Data records
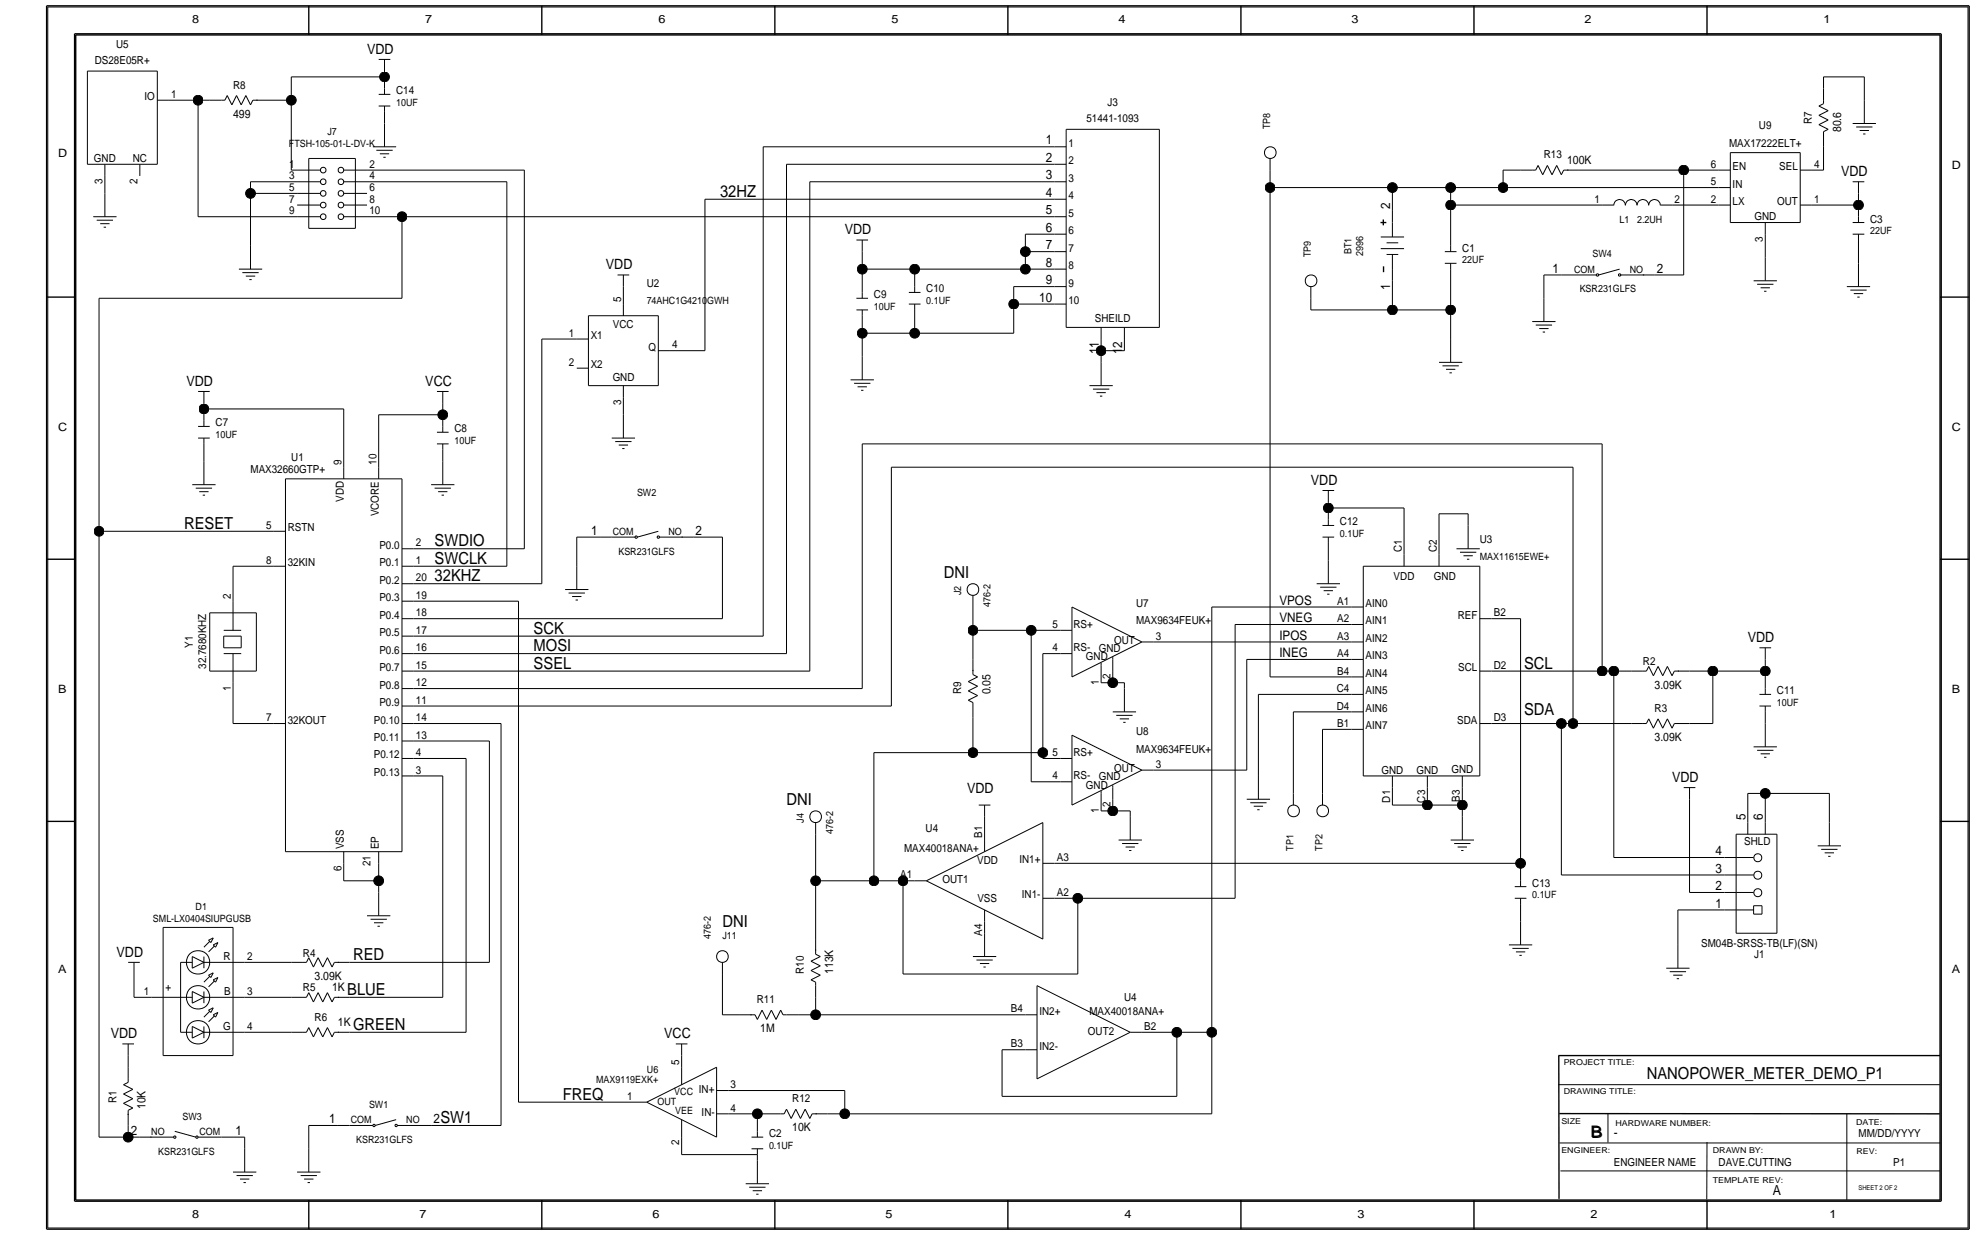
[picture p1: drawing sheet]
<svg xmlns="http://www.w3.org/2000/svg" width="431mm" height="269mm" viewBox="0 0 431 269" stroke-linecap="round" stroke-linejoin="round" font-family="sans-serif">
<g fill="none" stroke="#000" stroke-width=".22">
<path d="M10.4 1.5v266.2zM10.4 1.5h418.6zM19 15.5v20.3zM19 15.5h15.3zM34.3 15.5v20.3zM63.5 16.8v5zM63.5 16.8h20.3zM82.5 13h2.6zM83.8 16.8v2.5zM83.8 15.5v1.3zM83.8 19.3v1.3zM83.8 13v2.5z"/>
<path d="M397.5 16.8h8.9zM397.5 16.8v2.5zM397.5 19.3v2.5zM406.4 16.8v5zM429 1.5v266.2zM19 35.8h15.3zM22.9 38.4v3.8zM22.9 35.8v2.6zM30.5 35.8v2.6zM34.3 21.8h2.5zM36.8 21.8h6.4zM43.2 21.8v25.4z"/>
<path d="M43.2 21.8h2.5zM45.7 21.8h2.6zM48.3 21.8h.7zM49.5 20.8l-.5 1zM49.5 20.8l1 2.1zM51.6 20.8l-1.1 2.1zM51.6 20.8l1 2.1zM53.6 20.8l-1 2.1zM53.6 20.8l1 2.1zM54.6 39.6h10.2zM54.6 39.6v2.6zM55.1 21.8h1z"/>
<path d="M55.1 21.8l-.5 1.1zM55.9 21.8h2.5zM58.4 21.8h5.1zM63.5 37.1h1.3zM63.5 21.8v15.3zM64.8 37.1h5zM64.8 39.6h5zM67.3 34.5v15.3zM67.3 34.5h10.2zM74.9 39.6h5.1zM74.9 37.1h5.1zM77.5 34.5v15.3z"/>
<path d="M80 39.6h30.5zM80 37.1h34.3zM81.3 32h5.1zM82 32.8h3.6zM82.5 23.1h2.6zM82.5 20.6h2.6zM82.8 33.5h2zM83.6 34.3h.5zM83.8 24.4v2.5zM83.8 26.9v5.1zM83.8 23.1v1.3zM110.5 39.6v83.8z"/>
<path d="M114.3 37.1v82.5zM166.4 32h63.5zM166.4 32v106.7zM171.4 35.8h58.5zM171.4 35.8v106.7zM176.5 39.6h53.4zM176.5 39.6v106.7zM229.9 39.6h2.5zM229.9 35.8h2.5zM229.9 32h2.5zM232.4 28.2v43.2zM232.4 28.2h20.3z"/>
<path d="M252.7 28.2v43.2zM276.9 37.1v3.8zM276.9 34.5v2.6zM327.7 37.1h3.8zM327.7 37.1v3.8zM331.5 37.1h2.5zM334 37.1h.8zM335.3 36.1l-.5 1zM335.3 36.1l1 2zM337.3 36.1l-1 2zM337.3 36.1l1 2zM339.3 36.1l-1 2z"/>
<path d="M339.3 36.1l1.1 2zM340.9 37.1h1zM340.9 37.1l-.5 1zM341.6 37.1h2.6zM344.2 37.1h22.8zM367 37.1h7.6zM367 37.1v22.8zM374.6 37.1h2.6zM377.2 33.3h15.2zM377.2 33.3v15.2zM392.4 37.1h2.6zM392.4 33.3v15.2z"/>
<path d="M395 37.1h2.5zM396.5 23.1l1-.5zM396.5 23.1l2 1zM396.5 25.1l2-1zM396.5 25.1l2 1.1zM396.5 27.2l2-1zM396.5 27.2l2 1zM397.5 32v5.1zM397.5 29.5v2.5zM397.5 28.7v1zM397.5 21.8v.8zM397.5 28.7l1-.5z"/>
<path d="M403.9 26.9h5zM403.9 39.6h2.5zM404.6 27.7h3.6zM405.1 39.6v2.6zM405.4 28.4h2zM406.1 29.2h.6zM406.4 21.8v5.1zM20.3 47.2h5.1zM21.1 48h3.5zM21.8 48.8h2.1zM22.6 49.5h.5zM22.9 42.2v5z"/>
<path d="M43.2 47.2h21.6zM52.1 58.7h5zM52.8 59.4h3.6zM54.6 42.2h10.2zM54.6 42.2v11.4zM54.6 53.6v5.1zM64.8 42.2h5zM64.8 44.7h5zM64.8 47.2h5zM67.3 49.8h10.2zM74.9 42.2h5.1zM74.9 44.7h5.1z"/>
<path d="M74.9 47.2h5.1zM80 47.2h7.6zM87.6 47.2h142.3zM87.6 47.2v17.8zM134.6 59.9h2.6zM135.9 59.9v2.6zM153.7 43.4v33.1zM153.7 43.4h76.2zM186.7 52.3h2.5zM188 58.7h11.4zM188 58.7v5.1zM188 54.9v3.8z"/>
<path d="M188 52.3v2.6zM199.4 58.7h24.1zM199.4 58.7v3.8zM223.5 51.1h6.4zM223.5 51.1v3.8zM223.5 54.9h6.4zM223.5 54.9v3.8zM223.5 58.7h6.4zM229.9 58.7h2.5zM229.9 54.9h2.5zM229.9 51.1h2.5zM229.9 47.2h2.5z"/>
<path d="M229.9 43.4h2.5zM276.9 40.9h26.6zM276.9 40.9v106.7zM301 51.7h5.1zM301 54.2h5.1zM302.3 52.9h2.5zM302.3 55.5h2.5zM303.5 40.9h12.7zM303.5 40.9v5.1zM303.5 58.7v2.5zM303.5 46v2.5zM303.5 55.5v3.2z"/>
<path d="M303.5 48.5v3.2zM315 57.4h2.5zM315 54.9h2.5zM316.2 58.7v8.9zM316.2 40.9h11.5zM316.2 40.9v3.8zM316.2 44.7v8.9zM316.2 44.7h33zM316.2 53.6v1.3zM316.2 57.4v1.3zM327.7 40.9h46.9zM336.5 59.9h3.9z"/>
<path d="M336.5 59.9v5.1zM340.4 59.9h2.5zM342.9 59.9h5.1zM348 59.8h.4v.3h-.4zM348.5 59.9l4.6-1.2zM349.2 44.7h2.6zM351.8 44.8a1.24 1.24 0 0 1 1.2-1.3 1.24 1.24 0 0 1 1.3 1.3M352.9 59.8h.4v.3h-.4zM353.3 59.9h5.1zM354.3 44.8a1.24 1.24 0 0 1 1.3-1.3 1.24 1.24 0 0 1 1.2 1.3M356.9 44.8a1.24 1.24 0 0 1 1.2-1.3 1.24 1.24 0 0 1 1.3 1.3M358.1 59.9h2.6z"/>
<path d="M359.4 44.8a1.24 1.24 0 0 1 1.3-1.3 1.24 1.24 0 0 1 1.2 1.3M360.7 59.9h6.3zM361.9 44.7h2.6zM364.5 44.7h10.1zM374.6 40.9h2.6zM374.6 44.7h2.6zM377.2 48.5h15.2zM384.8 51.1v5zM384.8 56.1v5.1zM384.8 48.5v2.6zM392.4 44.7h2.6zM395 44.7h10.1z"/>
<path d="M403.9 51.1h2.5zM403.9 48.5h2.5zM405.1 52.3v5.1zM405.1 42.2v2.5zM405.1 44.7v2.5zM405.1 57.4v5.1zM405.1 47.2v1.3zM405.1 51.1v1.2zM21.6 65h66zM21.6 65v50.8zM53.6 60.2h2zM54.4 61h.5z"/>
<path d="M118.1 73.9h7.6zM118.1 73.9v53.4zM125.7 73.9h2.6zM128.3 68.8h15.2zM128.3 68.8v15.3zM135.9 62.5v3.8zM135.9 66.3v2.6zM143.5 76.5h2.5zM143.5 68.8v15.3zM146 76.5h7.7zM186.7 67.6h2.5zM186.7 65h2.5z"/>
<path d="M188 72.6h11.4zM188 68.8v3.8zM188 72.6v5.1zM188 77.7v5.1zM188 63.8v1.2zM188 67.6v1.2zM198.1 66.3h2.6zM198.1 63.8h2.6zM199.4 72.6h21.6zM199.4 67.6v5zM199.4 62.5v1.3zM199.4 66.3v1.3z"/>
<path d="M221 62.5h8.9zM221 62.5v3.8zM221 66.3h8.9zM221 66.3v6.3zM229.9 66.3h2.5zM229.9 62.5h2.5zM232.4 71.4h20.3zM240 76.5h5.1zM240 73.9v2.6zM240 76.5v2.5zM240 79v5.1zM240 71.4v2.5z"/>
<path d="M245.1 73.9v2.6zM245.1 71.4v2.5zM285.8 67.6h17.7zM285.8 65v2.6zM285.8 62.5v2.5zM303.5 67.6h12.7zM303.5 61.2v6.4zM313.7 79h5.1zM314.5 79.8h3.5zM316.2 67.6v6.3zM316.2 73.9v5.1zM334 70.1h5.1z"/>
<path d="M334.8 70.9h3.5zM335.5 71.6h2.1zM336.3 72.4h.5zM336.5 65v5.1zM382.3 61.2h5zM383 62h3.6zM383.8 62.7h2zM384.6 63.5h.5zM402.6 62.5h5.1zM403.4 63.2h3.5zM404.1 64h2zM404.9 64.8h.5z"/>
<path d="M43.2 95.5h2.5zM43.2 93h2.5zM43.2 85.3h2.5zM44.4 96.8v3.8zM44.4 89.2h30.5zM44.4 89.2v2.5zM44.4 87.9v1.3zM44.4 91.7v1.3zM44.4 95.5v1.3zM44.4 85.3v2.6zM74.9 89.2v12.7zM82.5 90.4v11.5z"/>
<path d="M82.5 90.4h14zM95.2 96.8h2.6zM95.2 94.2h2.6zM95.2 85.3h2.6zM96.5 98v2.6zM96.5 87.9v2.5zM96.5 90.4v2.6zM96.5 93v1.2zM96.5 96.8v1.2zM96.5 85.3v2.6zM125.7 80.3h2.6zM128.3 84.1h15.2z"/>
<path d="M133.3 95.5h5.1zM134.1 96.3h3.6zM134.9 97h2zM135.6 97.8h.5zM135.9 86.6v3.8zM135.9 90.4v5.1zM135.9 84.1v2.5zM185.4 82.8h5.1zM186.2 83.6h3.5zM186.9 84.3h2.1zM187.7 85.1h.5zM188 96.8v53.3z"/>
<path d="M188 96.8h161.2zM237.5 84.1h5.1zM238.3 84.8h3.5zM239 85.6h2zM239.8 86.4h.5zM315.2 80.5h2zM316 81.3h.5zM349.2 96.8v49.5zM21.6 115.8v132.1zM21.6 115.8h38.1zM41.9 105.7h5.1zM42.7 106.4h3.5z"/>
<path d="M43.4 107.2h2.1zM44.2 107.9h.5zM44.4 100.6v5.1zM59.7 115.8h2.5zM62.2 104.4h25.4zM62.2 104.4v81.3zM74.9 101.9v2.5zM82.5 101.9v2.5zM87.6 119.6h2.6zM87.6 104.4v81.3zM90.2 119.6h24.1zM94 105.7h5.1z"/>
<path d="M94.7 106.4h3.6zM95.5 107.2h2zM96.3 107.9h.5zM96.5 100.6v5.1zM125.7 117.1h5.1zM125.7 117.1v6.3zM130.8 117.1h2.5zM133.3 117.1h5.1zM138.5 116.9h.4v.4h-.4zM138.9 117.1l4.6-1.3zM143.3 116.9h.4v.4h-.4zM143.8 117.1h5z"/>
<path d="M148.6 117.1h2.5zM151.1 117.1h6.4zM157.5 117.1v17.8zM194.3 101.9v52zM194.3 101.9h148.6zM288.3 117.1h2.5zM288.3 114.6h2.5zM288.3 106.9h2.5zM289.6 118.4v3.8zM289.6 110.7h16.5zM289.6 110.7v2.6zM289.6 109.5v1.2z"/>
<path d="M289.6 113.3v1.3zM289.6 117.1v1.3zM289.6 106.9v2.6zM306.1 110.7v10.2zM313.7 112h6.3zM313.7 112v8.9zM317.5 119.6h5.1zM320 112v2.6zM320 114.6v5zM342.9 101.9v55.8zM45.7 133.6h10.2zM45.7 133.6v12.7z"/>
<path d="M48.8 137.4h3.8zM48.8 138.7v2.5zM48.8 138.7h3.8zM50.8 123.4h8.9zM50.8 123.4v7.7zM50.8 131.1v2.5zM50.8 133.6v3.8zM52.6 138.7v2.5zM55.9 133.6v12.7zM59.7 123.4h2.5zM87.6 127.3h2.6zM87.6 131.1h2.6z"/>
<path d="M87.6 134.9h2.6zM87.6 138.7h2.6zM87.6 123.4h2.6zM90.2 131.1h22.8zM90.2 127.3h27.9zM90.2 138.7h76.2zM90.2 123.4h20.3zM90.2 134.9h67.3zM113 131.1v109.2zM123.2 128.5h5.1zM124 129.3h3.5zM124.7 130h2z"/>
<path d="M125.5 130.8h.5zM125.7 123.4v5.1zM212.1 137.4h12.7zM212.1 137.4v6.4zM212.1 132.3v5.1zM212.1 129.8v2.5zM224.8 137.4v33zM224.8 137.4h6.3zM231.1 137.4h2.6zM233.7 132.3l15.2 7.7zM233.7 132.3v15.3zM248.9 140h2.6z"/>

Exercise brief >> Please repeat exactly the data above from its first line to the line that contains "36.1l1.1 2zM340.9 37.1h1zM340.9", inclusive, and leave every picture out.

Answer to the problem >>
[picture p1: drawing sheet]
<svg xmlns="http://www.w3.org/2000/svg" width="431mm" height="269mm" viewBox="0 0 431 269" stroke-linecap="round" stroke-linejoin="round" font-family="sans-serif">
<g fill="none" stroke="#000" stroke-width=".22">
<path d="M10.4 1.5v266.2zM10.4 1.5h418.6zM19 15.5v20.3zM19 15.5h15.3zM34.3 15.5v20.3zM63.5 16.8v5zM63.5 16.8h20.3zM82.5 13h2.6zM83.8 16.8v2.5zM83.8 15.5v1.3zM83.8 19.3v1.3zM83.8 13v2.5z"/>
<path d="M397.5 16.8h8.9zM397.5 16.8v2.5zM397.5 19.3v2.5zM406.4 16.8v5zM429 1.5v266.2zM19 35.8h15.3zM22.9 38.4v3.8zM22.9 35.8v2.6zM30.5 35.8v2.6zM34.3 21.8h2.5zM36.8 21.8h6.4zM43.2 21.8v25.4z"/>
<path d="M43.2 21.8h2.5zM45.7 21.8h2.6zM48.3 21.8h.7zM49.5 20.8l-.5 1zM49.5 20.8l1 2.1zM51.6 20.8l-1.1 2.1zM51.6 20.8l1 2.1zM53.6 20.8l-1 2.1zM53.6 20.8l1 2.1zM54.6 39.6h10.2zM54.6 39.6v2.6zM55.1 21.8h1z"/>
<path d="M55.1 21.8l-.5 1.1zM55.9 21.8h2.5zM58.4 21.8h5.1zM63.5 37.1h1.3zM63.5 21.8v15.3zM64.8 37.1h5zM64.8 39.6h5zM67.3 34.5v15.3zM67.3 34.5h10.2zM74.9 39.6h5.1zM74.9 37.1h5.1zM77.5 34.5v15.3z"/>
<path d="M80 39.6h30.5zM80 37.1h34.3zM81.3 32h5.1zM82 32.8h3.6zM82.5 23.1h2.6zM82.5 20.6h2.6zM82.8 33.5h2zM83.6 34.3h.5zM83.8 24.4v2.5zM83.8 26.9v5.1zM83.8 23.1v1.3zM110.5 39.6v83.8z"/>
<path d="M114.3 37.1v82.5zM166.4 32h63.5zM166.4 32v106.7zM171.4 35.8h58.5zM171.4 35.8v106.7zM176.5 39.6h53.4zM176.5 39.6v106.7zM229.9 39.6h2.5zM229.9 35.8h2.5zM229.9 32h2.5zM232.4 28.2v43.2zM232.4 28.2h20.3z"/>
<path d="M252.7 28.2v43.2zM276.9 37.1v3.8zM276.9 34.5v2.6zM327.7 37.1h3.8zM327.7 37.1v3.8zM331.5 37.1h2.5zM334 37.1h.8zM335.3 36.1l-.5 1zM335.3 36.1l1 2zM337.3 36.1l-1 2zM337.3 36.1l1 2zM339.3 36.1l-1 2z"/>
<path d="M339.3 36.1l1.1 2zM340.9 37.1h1zM340.9 37.1l-.5 1zM341.6 37.1h2.6zM344.2 37.1h22.8zM367 37.1h7.6zM367 37.1v22.8zM374.6 37.1h2.6zM377.2 33.3h15.2zM377.2 33.3v15.2zM392.4 37.1h2.6zM392.4 33.3v15.2z"/>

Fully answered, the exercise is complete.